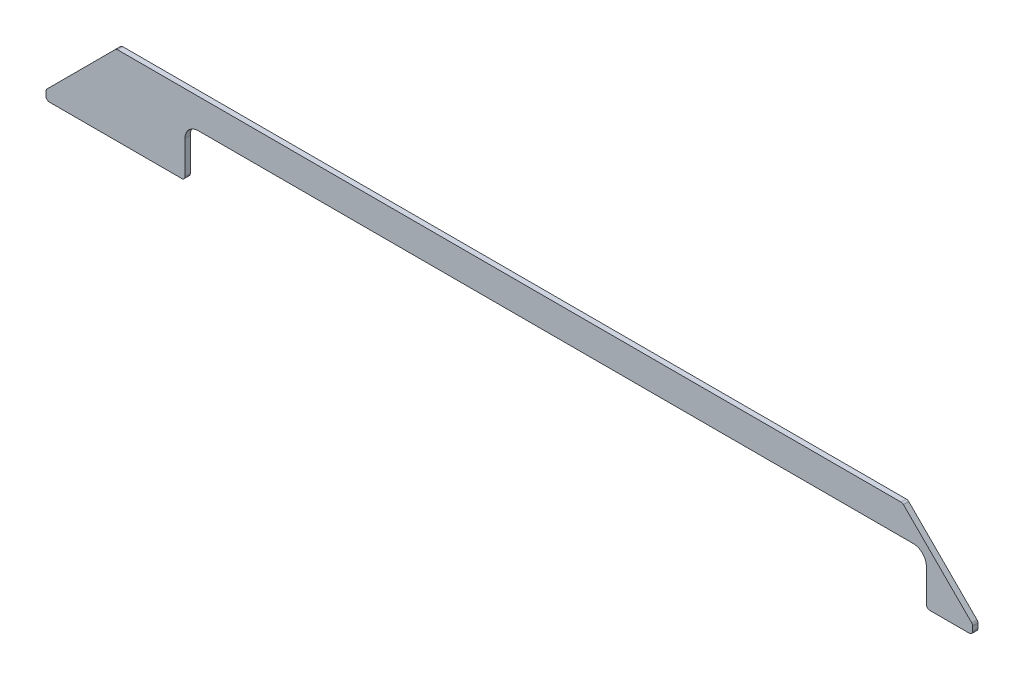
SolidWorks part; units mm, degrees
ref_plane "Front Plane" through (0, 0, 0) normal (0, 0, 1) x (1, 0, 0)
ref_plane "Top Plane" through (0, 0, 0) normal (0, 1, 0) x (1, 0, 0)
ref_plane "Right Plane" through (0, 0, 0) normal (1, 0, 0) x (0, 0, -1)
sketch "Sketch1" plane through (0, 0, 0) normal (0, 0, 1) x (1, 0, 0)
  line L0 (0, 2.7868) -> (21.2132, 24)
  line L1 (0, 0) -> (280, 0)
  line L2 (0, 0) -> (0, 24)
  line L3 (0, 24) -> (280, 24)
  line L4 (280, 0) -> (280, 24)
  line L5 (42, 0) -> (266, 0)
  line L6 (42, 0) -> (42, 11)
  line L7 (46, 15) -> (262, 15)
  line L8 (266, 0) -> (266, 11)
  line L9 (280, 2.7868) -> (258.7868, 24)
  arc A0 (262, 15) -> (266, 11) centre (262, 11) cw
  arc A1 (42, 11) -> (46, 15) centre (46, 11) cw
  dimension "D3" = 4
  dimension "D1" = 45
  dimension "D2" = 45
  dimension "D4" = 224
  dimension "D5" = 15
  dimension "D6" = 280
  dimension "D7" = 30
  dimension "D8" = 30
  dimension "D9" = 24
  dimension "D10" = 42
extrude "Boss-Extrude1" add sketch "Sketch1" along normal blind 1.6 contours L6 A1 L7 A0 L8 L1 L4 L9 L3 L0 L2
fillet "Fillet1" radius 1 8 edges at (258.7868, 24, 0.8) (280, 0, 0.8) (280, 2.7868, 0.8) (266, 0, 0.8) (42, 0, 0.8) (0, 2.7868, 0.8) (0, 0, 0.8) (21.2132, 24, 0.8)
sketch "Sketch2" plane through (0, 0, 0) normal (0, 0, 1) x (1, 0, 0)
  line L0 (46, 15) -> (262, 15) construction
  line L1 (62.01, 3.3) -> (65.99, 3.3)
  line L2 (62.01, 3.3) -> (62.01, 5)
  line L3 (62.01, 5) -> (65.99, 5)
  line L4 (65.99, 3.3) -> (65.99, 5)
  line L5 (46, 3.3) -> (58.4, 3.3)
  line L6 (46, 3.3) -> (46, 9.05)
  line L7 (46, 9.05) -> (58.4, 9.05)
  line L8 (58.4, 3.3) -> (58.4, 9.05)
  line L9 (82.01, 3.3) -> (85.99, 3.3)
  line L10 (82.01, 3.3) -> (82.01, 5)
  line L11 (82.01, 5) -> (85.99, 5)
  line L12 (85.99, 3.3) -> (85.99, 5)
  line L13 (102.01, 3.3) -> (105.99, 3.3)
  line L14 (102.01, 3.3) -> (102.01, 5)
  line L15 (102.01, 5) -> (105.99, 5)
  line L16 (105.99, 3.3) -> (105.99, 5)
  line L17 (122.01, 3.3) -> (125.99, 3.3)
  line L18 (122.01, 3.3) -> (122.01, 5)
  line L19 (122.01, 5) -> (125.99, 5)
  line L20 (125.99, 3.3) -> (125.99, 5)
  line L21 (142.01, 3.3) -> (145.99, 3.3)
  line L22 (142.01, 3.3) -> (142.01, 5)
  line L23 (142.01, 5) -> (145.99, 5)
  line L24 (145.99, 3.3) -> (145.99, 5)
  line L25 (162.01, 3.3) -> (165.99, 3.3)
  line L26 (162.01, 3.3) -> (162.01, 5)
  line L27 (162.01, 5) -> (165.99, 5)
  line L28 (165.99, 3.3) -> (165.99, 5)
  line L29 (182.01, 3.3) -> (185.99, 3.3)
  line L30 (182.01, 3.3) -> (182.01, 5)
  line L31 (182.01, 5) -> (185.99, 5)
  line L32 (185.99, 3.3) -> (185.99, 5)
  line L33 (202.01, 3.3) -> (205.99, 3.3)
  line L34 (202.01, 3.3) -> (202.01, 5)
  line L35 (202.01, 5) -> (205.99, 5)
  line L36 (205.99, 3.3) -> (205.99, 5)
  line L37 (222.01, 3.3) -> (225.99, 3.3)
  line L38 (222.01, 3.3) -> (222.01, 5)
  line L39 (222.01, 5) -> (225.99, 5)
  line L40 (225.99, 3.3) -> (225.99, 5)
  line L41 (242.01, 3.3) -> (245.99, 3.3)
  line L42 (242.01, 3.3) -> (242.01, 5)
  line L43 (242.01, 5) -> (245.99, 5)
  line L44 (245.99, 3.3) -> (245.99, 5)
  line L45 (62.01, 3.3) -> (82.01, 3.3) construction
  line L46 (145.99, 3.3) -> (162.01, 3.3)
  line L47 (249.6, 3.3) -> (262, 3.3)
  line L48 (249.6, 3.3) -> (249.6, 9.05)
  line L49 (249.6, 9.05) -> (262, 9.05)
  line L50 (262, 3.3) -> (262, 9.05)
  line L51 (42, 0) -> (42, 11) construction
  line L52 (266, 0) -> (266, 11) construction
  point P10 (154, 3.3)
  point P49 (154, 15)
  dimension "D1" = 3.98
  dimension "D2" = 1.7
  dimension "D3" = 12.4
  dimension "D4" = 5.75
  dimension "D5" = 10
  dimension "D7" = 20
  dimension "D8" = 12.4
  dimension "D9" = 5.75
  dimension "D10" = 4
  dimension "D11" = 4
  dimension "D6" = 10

◆ ◆ ◆ ◆ ◆

**Aim of the exercise**
Only the lines from the one containing "line L34 (202.01, 3.3) -> (202.01, 5)" through the last line of the records above are to be reproduced, exactly and with both ends included.

**Your solution**
  line L34 (202.01, 3.3) -> (202.01, 5)
  line L35 (202.01, 5) -> (205.99, 5)
  line L36 (205.99, 3.3) -> (205.99, 5)
  line L37 (222.01, 3.3) -> (225.99, 3.3)
  line L38 (222.01, 3.3) -> (222.01, 5)
  line L39 (222.01, 5) -> (225.99, 5)
  line L40 (225.99, 3.3) -> (225.99, 5)
  line L41 (242.01, 3.3) -> (245.99, 3.3)
  line L42 (242.01, 3.3) -> (242.01, 5)
  line L43 (242.01, 5) -> (245.99, 5)
  line L44 (245.99, 3.3) -> (245.99, 5)
  line L45 (62.01, 3.3) -> (82.01, 3.3) construction
  line L46 (145.99, 3.3) -> (162.01, 3.3)
  line L47 (249.6, 3.3) -> (262, 3.3)
  line L48 (249.6, 3.3) -> (249.6, 9.05)
  line L49 (249.6, 9.05) -> (262, 9.05)
  line L50 (262, 3.3) -> (262, 9.05)
  line L51 (42, 0) -> (42, 11) construction
  line L52 (266, 0) -> (266, 11) construction
  point P10 (154, 3.3)
  point P49 (154, 15)
  dimension "D1" = 3.98
  dimension "D2" = 1.7
  dimension "D3" = 12.4
  dimension "D4" = 5.75
  dimension "D5" = 10
  dimension "D7" = 20
  dimension "D8" = 12.4
  dimension "D9" = 5.75
  dimension "D10" = 4
  dimension "D11" = 4
  dimension "D6" = 10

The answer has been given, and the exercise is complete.